** Opening Records for the task block **

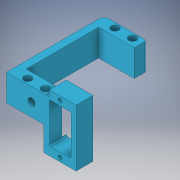
# Autodesk Inventor part: 000.701 - Опора
Saved by Autodesk Inventor 2019 (Build 230136000, 136)
## iProperties
Created: 2020-02-29
Part Number: 000.701 - Опора
Material: Пластик АБС
Document SubType Name: Modeling
Designer: Петров Иван
Density: 1.06 g/cm^3
Appearance: Бирюзовый
Author: Петров Иван
Autodesk Inventor part; units mm, degrees
ref_plane "YZ Plane" through (0, 0, 0) normal (1, 0, 0) x (0, 1, 0)
ref_plane "XZ Plane" through (0, 0, 0) normal (0, 1, 0) x (-1, 0, 0)
ref_plane "XY Plane" through (0, 0, 0) normal (0, 0, 1) x (1, 0, 0)
sketch "Эскиз1" plane through (0, 0, 0) normal (0, 1, 0) x (-1, 0, 0)
  line L0 (-3.75, -37.7) -> (-0.5, -37.7)
  line L1 (-0.5, -37.7) -> (-0.5, -30.7)
  line L2 (-0.5, -30.7) -> (-10, -30.7)
  line L3 (-10, -30.7) -> (-10, -36.7)
  arc A0 (-10, -36.7) -> (-9, -37.7) centre (-9, -36.7) ccw
  line L4 (-9, -37.7) -> (-6.15, -37.7)
  line L5 (-6.15, -37.7) -> (-6.15, -36.634)
  arc A1 (-3.75, -36.634) -> (-6.15, -36.634) centre (-4.95, -34.85) ccw
  line L6 (-3.75, -36.634) -> (-3.75, -37.7)
  line L7 (0.5, -37.7) -> (0.5, -30.7)
  line L8 (0.5, -37.7) -> (3.75, -37.7)
  line L9 (3.75, -37.7) -> (3.75, -36.634)
  arc A2 (6.15, -36.634) -> (3.75, -36.634) centre (4.95, -34.85) ccw
  line L10 (6.15, -36.634) -> (6.15, -37.7)
  line L11 (6.15, -37.7) -> (9, -37.7)
  arc A3 (9, -37.7) -> (10, -36.7) centre (9, -36.7) ccw
  line L12 (10, -36.7) -> (10, -30.7)
  line L13 (10, -30.7) -> (0.5, -30.7)
  line L14 (0.5, 10) -> (0.5, 17)
  line L15 (10, 10) -> (0.5, 10)
  line L16 (10, 16) -> (10, 10)
  arc A4 (10, 16) -> (9, 17) centre (9, 16) ccw
  line L17 (6.15, 17) -> (9, 17)
  line L18 (6.15, 15.934) -> (6.15, 17)
  arc A5 (3.75, 15.934) -> (6.15, 15.934) centre (4.95, 14.15) ccw
  line L19 (3.75, 17) -> (3.75, 15.934)
  line L20 (0.5, 17) -> (3.75, 17)
  line L21 (-0.5, 10) -> (-10, 10)
  line L22 (-0.5, 10) -> (-0.5, 17)
  line L23 (-3.75, 17) -> (-0.5, 17)
  line L24 (-3.75, 15.934) -> (-3.75, 17)
  arc A6 (-6.15, 15.934) -> (-3.75, 15.934) centre (-4.95, 14.15) ccw
  line L25 (-6.15, 17) -> (-6.15, 15.934)
  line L26 (-9, 17) -> (-6.15, 17)
  arc A7 (-9, 17) -> (-10, 16) centre (-9, 16) ccw
  line L27 (-10, 10) -> (-10, 16)
  line L28 (-10, -30.7) -> (-10, 0)
  line L29 (-10, 0) -> (-10, 10)
  line L30 (10, 0) -> (10, 10)
  line L31 (10, -30.7) -> (10, 0)
  circle A8 centre (0, 0) radius 6.5
  circle A9 centre (0, 0) radius 5.4
  circle A10 centre (0, 0) radius 3.4957
  circle A11 centre (0, 0) radius 3.4957
  circle A12 centre (-4.95, -34.85) radius 2.15
  circle A13 centre (4.95, -34.85) radius 2.15
  arc A14 (-6.15, 15.934) -> (-3.75, 15.934) centre (-4.95, 14.15) ccw
  circle A15 centre (-4.95, 14.15) radius 2.15
  circle A16 centre (4.95, 14.15) radius 2.15
  line L32 (-3.75, -37.7) -> (-0.5, -37.7)
  line L33 (-6.15, -37.7) -> (-3.75, -37.7)
  line L34 (-3.75, -37.7) -> (3.75, -37.7)
  line L35 (3.75, -37.7) -> (6.15, -37.7)
  line L36 (-6.15, 17) -> (-3.75, 17)
  line L37 (3.75, 17) -> (3.75, 15.934)
  line L38 (3.75, 17) -> (6.15, 17)
  line L39 (0.5, 17) -> (-0.5, 17)
  line L40 (0.5, 10) -> (-0.5, 10)
  line L41 (0.5, -30.7) -> (-0.5, -30.7)
  point P0 (10, -10.35)
  constraints: 84 end point, 18 point on circle, 15 centre point, 4 coincident, 2 concentric, 2 horizontal, 1 collinear, 1 parallel, 1 perpendicular, 6 other
extrude "Выдавливание1" add sketch "Эскиз1" along normal blind 15 contours L6 A1 L5 L4 A0 L3 L2 L1 L0 | L33 L5 A12 L6 | L1 L41 L7 L34 | L7 L13 L12 A3 L11 L10 A2 L9 L8 | L9 A13 L10 L35 | L27 A7 L26 L25 A6 L24 L23 L22 L21 | L22 L39 L14 L40 | L15 L14 L20 L19 A5 L18 L17 A4 L16 | L24 A15 L25 L36 | L38 L18 A16 L19
sketch "Эскиз2" plane through (-10, 0, -36.7) normal (-1, 0, 0) x (0, 0, 1)
  line L0 (6, 15) -> (0, 15) projected
  line L1 (46.7, 0) -> (52.7, 0) projected
  line L2 (0, 15) -> (52.7, 15)
  line L3 (52.7, 15) -> (52.7, 0)
  line L4 (52.7, 0) -> (0, 0)
  line L5 (0, 0) -> (0, 15)
  point P0 (36.7, 0)
  constraints: 8 end point, 2 parallel, 1 horizontal, 1 perpendicular
extrude "Выдавливание2" add sketch "Эскиз2" along normal blind 4
move faces "Перенос2" translate (0, 0, 1) faces at (-11.3333, 10, 16)
move faces "Перенос3" translate (0, 0, -1) faces at (-11.3333, 5, -36.7)
chamfer "Фаска8" distance 2 angle 45 1 edges at (-14, 7.5, -37.7)
sketch "Эскиз16" plane through (0, 15, 0) normal (0, 1, 0) x (1, 0, 0)
  line L0 (10, -16) -> (10, -10) projected
  arc A0 (9, -17) -> (10, -16) centre (9, -16) ccw projected
  line L1 (10, -16) -> (9, -16)
  line L2 (9, -16) -> (9, -17)
  line L3 (9, -17) -> (10, -17)
  line L4 (10, -17) -> (10, -16)
  point P0 (0, 0)
  constraints: 8 end point, 2 parallel, 1 horizontal, 1 perpendicular
extrude "Выдавливание16" add sketch "Эскиз16" against normal up to surface (15 mm away)
sketch "Эскиз20" plane through (-14, 15, 17) normal (0, 0, 1) x (1, 0, 0)
  line L0 (14, -15) -> (14, 0)
  line L1 (4, 0) -> (24, 0) projected
  circle A0 centre (14, -7.5) radius 2
  dimension "d102" = 4
  constraints: 2 end point, 2 midpoint, 1 centre point
  measures "d102" diameter of A0
extrude "Выдавливание20" cut sketch "Эскиз20" against normal blind 12.5
sketch "Эскиз21" plane through (10, 0, 10) normal (0, 0, -1) x (-1, 0, 0)
  circle A0 centre (10, 7.5) radius 2 projected
  circle A1 centre (10, 7.5) radius 4
  point P0 (10, 0)
  dimension "d105" = 8
  constraints: 1 centre point, 1 coincident
  measures "d105" diameter of A1
extrude "Выдавливание21" cut sketch "Эскиз21" against normal blind 3
sketch "Эскиз22" plane through (-14, 15, 17) normal (0, 0, 1) x (1, 0, 0)
  line L0 (33, -12.98) -> (33, -13.1)
  arc A0 (27.2, -13.1) -> (33, -13.1) centre (30.1, -13.1) ccw
  line L1 (27.2, -13.1) -> (27.2, -12.98)
  arc A1 (24.1, -9.062) -> (27.2, -12.98) centre (30.1, -7.5) ccw
  line L2 (24.1, -9.062) -> (24.1, -23.05)
  arc A2 (24.1, -23.05) -> (24.85, -23.8) centre (24.85, -23.05) ccw
  line L3 (24.85, -23.8) -> (35.35, -23.8)
  arc A3 (35.35, -23.8) -> (36.1, -23.05) centre (35.35, -23.05) ccw
  line L4 (36.1, -23.05) -> (36.1, -9.062)
  arc A4 (33, -12.98) -> (36.1, -9.062) centre (30.1, -7.5) ccw
  line L5 (25, -17.4) -> (25, -22.4)
  arc A5 (25.5, -16.9) -> (25, -17.4) centre (25.5, -17.4) ccw
  line L6 (34.7, -16.9) -> (25.5, -16.9)
  arc A6 (35.2, -17.4) -> (34.7, -16.9) centre (34.7, -17.4) ccw
  line L7 (35.2, -22.4) -> (35.2, -17.4)
  arc A7 (34.7, -22.9) -> (35.2, -22.4) centre (34.7, -22.4) ccw
  line L8 (25.5, -22.9) -> (34.7, -22.9)
  arc A8 (25, -22.4) -> (25.5, -22.9) centre (25.5, -22.4) ccw
  arc A9 (30.65, -27.5026) -> (29.55, -27.5026) centre (30.1, -26.55) ccw
  line L9 (30.65, -28.7) -> (30.65, -27.5026)
  line L10 (30.65, -28.7) -> (35.35, -28.7)
  arc A10 (35.35, -28.7) -> (36.2, -27.85) centre (35.35, -27.85) ccw
  line L11 (36.2, -27.85) -> (36.2, -23.05)
  arc A11 (35.35, -23.9) -> (36.2, -23.05) centre (35.35, -23.05) ccw
  line L12 (24.85, -23.9) -> (35.35, -23.9)
  arc A12 (24, -23.05) -> (24.85, -23.9) centre (24.85, -23.05) ccw
  line L13 (24, -23.05) -> (24, -27.85)
  arc A13 (24, -27.85) -> (24.85, -28.7) centre (24.85, -27.85) ccw
  line L14 (24.85, -28.7) -> (29.55, -28.7)
  line L15 (29.55, -27.5026) -> (29.55, -28.7)
  line L16 (35.35, 3.4) -> (30.65, 3.4)
  line L17 (30.65, 2.2026) -> (30.65, 3.4)
  arc A14 (29.55, 2.2026) -> (30.65, 2.2026) centre (30.1, 1.25) ccw
  line L18 (29.55, 3.4) -> (29.55, 2.2026)
  line L19 (29.55, 3.4) -> (24.85, 3.4)
  arc A15 (24.85, 3.4) -> (24, 2.55) centre (24.85, 2.55) ccw
  line L20 (24, 2.55) -> (24, -2.25)
  arc A16 (24.85, -1.4) -> (24, -2.25) centre (24.85, -2.25) ccw
  line L21 (35.35, -1.4) -> (24.85, -1.4)
  arc A17 (36.2, -2.25) -> (35.35, -1.4) centre (35.35, -2.25) ccw
  line L22 (36.2, -2.25) -> (36.2, 2.55)
  arc A18 (36.2, 2.55) -> (35.35, 3.4) centre (35.35, 2.55) ccw
  line L23 (36.2, -2.25) -> (36.2, -5.938)
  line L24 (36.2, -9.062) -> (36.2, -7.5)
  line L25 (36.2, -7.5) -> (36.2, -5.938)
  line L26 (36.2, -9.062) -> (36.2, -23.05)
  line L27 (24, -23.05) -> (24, -9.062)
  line L28 (24, -5.938) -> (24, -2.25)
  line L29 (24, -5.938) -> (24, -7.5)
  line L30 (24, -7.5) -> (24, -9.062)
  arc A19 (36.1, -5.938) -> (31.662, -1.5) centre (30.1, -7.5) ccw
  line L31 (36.1, -5.938) -> (36.1, -2.25)
  arc A20 (36.1, -2.25) -> (35.35, -1.5) centre (35.35, -2.25) ccw
  line L32 (35.35, -1.5) -> (31.662, -1.5)
  line L33 (24.1, -2.25) -> (24.1, -5.938)
  arc A21 (28.538, -1.5) -> (24.1, -5.938) centre (30.1, -7.5) ccw
  line L34 (28.538, -1.5) -> (24.85, -1.5)
  arc A22 (24.85, -1.5) -> (24.1, -2.25) centre (24.85, -2.25) ccw
  circle A23 centre (30.1, -26.55) radius 1.1
  line L35 (30.65, -27.5026) -> (30.65, -28.7)
  line L36 (29.55, -28.7) -> (30.65, -28.7)
  circle A24 centre (30.1, 1.25) radius 1.1
  line L37 (30.65, 3.4) -> (30.65, 2.2026)
  line L38 (29.55, 3.4) -> (30.65, 3.4)
  circle A25 centre (30.1, -7.5) radius 0.8
  line L39 (24, -15) -> (24, 0) projected
  line L40 (24, -7.5) -> (30.1, -7.5)
  line L41 (24, -28.7) -> (39, -28.7)
  line L42 (39, -28.7) -> (39, 3.4)
  line L43 (39, 3.4) -> (24, 3.4)
  line L44 (24, 3.4) -> (24, -28.7)
  line L45 (24, -15) -> (4, -15) projected
  line L46 (24, -28.7) -> (21, -28.7)
  line L47 (21, -28.7) -> (21, -15)
  line L48 (21, -15) -> (24, -15)
  line L49 (24, -15) -> (24, -28.7)
  point P0 (14, -15)
  point P1 (30.1, -12.65)
  dimension "d108" = 6.1
  dimension "d109" = 15
  dimension "d112" = 3
  constraints: 96 end point, 46 point on circle, 25 centre point, 4 parallel, 3 horizontal, 2 coincident, 2 perpendicular, 1 collinear, 1 concentric, 1 midpoint, 1 point on line, 3 other
  measures "d108" distance of L40.start L40.end
  measures "d109" distance of L43.end L42.end
  measures "d112" distance of L47.end L48.end
extrude "Выдавливание22" add sketch "Эскиз22" against normal blind 7 contours A9 L15 L14 A13 L13 A12 L12 A11 L11 A10 L10 L9 | L9 L36 L15 A23 | A10 L11 L26 L24 L25 L23 L22 A18 L43 L42 L41 | L41 L44 A13 | L44 L46 L47 L45 L27 L13 | A18 L22 A17 L21 A16 L20 A15 L19 L18 A14 L17 L16 | L17 A24 L18 L38 | A15 L44 L43
sketch "Эскиз23" plane through (-10, 0, 10) normal (0, 0, -1) x (-1, 0, 0)
  line L0 (-29, 2.68) -> (-29, 2.8)
  arc A0 (-23.2, 2.8) -> (-29, 2.8) centre (-26.1, 2.8) ccw
  line L1 (-23.2, 2.8) -> (-23.2, 2.68)
  arc A1 (-20.1, -1.238) -> (-23.2, 2.68) centre (-26.1, -2.8) ccw
  line L2 (-20.1, -1.238) -> (-20.1, 12.75)
  arc A2 (-20.1, 12.75) -> (-20.85, 13.5) centre (-20.85, 12.75) ccw
  line L3 (-20.85, 13.5) -> (-31.35, 13.5)
  arc A3 (-31.35, 13.5) -> (-32.1, 12.75) centre (-31.35, 12.75) ccw
  line L4 (-32.1, 12.75) -> (-32.1, -1.238)
  arc A4 (-29, 2.68) -> (-32.1, -1.238) centre (-26.1, -2.8) ccw
  line L5 (-21, 7.1) -> (-21, 12.1)
  arc A5 (-21.5, 6.6) -> (-21, 7.1) centre (-21.5, 7.1) ccw
  line L6 (-30.7, 6.6) -> (-21.5, 6.6)
  arc A6 (-31.2, 7.1) -> (-30.7, 6.6) centre (-30.7, 7.1) ccw
  line L7 (-31.2, 12.1) -> (-31.2, 7.1)
  arc A7 (-30.7, 12.6) -> (-31.2, 12.1) centre (-30.7, 12.1) ccw
  line L8 (-21.5, 12.6) -> (-30.7, 12.6)
  arc A8 (-21, 12.1) -> (-21.5, 12.6) centre (-21.5, 12.1) ccw
  arc A9 (-26.65, 17.2026) -> (-25.55, 17.2026) centre (-26.1, 16.25) ccw
  line L9 (-26.65, 18.4) -> (-26.65, 17.2026)
  line L10 (-26.65, 18.4) -> (-31.35, 18.4)
  arc A10 (-31.35, 18.4) -> (-32.2, 17.55) centre (-31.35, 17.55) ccw
  line L11 (-32.2, 17.55) -> (-32.2, 12.75)
  arc A11 (-31.35, 13.6) -> (-32.2, 12.75) centre (-31.35, 12.75) ccw
  line L12 (-20.85, 13.6) -> (-31.35, 13.6)
  arc A12 (-20, 12.75) -> (-20.85, 13.6) centre (-20.85, 12.75) ccw
  line L13 (-20, 12.75) -> (-20, 17.55)
  arc A13 (-20, 17.55) -> (-20.85, 18.4) centre (-20.85, 17.55) ccw
  line L14 (-20.85, 18.4) -> (-25.55, 18.4)
  line L15 (-25.55, 17.2026) -> (-25.55, 18.4)
  line L16 (-31.35, -13.7) -> (-26.65, -13.7)
  line L17 (-26.65, -12.5026) -> (-26.65, -13.7)
  arc A14 (-25.55, -12.5026) -> (-26.65, -12.5026) centre (-26.1, -11.55) ccw
  line L18 (-25.55, -13.7) -> (-25.55, -12.5026)
  line L19 (-25.55, -13.7) -> (-20.85, -13.7)
  arc A15 (-20.85, -13.7) -> (-20, -12.85) centre (-20.85, -12.85) ccw
  line L20 (-20, -12.85) -> (-20, -8.05)
  arc A16 (-20.85, -8.9) -> (-20, -8.05) centre (-20.85, -8.05) ccw
  line L21 (-31.35, -8.9) -> (-20.85, -8.9)
  arc A17 (-32.2, -8.05) -> (-31.35, -8.9) centre (-31.35, -8.05) ccw
  line L22 (-32.2, -8.05) -> (-32.2, -12.85)
  arc A18 (-32.2, -12.85) -> (-31.35, -13.7) centre (-31.35, -12.85) ccw
  line L23 (-32.2, -8.05) -> (-32.2, -4.362)
  line L24 (-32.2, -1.238) -> (-32.2, -2.8)
  line L25 (-32.2, -2.8) -> (-32.2, -4.362)
  line L26 (-32.2, -1.238) -> (-32.2, 12.75)
  line L27 (-20, 12.75) -> (-20, -1.238)
  line L28 (-20, -4.362) -> (-20, -8.05)
  line L29 (-20, -4.362) -> (-20, -2.8)
  line L30 (-20, -2.8) -> (-20, -1.238)
  arc A19 (-32.1, -4.362) -> (-27.662, -8.8) centre (-26.1, -2.8) ccw
  line L31 (-32.1, -4.362) -> (-32.1, -8.05)
  arc A20 (-32.1, -8.05) -> (-31.35, -8.8) centre (-31.35, -8.05) ccw
  line L32 (-31.35, -8.8) -> (-27.662, -8.8)
  line L33 (-20.1, -8.05) -> (-20.1, -4.362)
  arc A21 (-24.538, -8.8) -> (-20.1, -4.362) centre (-26.1, -2.8) ccw
  line L34 (-24.538, -8.8) -> (-20.85, -8.8)
  arc A22 (-20.85, -8.8) -> (-20.1, -8.05) centre (-20.85, -8.05) ccw
  circle A23 centre (-26.1, 16.25) radius 1.1
  line L35 (-26.65, 17.2026) -> (-26.65, 18.4)
  line L36 (-25.55, 18.4) -> (-26.65, 18.4)
  circle A24 centre (-26.1, -11.55) radius 1.1
  line L37 (-26.65, -13.7) -> (-26.65, -12.5026)
  line L38 (-25.55, -13.7) -> (-26.65, -13.7)
  circle A25 centre (-26.1, -2.8) radius 0.8
  line L39 (-20, 4.7) -> (-20, -10.3)
  line L40 (-20, -2.8) -> (-26.1, -2.8)
  line L41 (-20, 18.4) -> (-35, 18.4)
  line L42 (-35, 18.4) -> (-35, -13.7)
  line L43 (-35, -13.7) -> (-20, -13.7)
  line L44 (-20, -13.7) -> (-20, 18.4)
  line L45 (-20, 4.7) -> (0, 4.7)
  line L46 (-20, 18.4) -> (-17, 18.4)
  line L47 (-17, 18.4) -> (-17, 4.7)
  line L48 (-17, 4.7) -> (-20, 4.7)
  line L49 (-20, 4.7) -> (-20, 18.4)
  line L50 (-35, 18.4) -> (-35, -13.7) projected
  point P0 (-10, 0)
  point P1 (-10, 4.7)
  point P2 (-26.1, 2.35)
  dimension "d122" = 6.1
  dimension "d123" = 15
  dimension "d124" = 3
  constraints: 100 end point, 46 point on circle, 25 centre point, 4 parallel, 2 coincident, 2 perpendicular, 1 collinear, 1 concentric, 1 midpoint, 1 point on line, 3 other
  measures "d122" distance of L40.start L40.end
  measures "d123" distance of L43.end L42.end
  measures "d124" distance of L47.end L48.end
extrude "Выдавливание23" add sketch "Эскиз23" along normal blind 2.5 contours A9 L15 L14 A13 L13 A12 L12 A11 L11 A10 L10 L9 | L9 L36 L15 A23 | A10 L11 L26 L24 L25 L23 L22 A18 L43 L42 L41 | L41 L44 A13 | A18 L22 A17 L21 A16 L20 A15 L19 L18 A14 L17 L16 | L17 A24 L18 L38 | A15 L44 L43
sketch "Эскиз24" plane through (-14, 0, 17) normal (0, 0, 1) x (1, 0, 0)
  circle A0 centre (14, 7.5) radius 2 projected
  circle A1 centre (14, 7.5) radius 2
  point P0 (14, 0)
  constraints: 1 centre point, 1 coincident
extrude "Выдавливание24" [suppressed]

** Closing Records for the task block **

Collect the complete line wherever the string "Опора" appears in the records.

[Exercise result]
# Autodesk Inventor part: 000.701 - Опора
Part Number: 000.701 - Опора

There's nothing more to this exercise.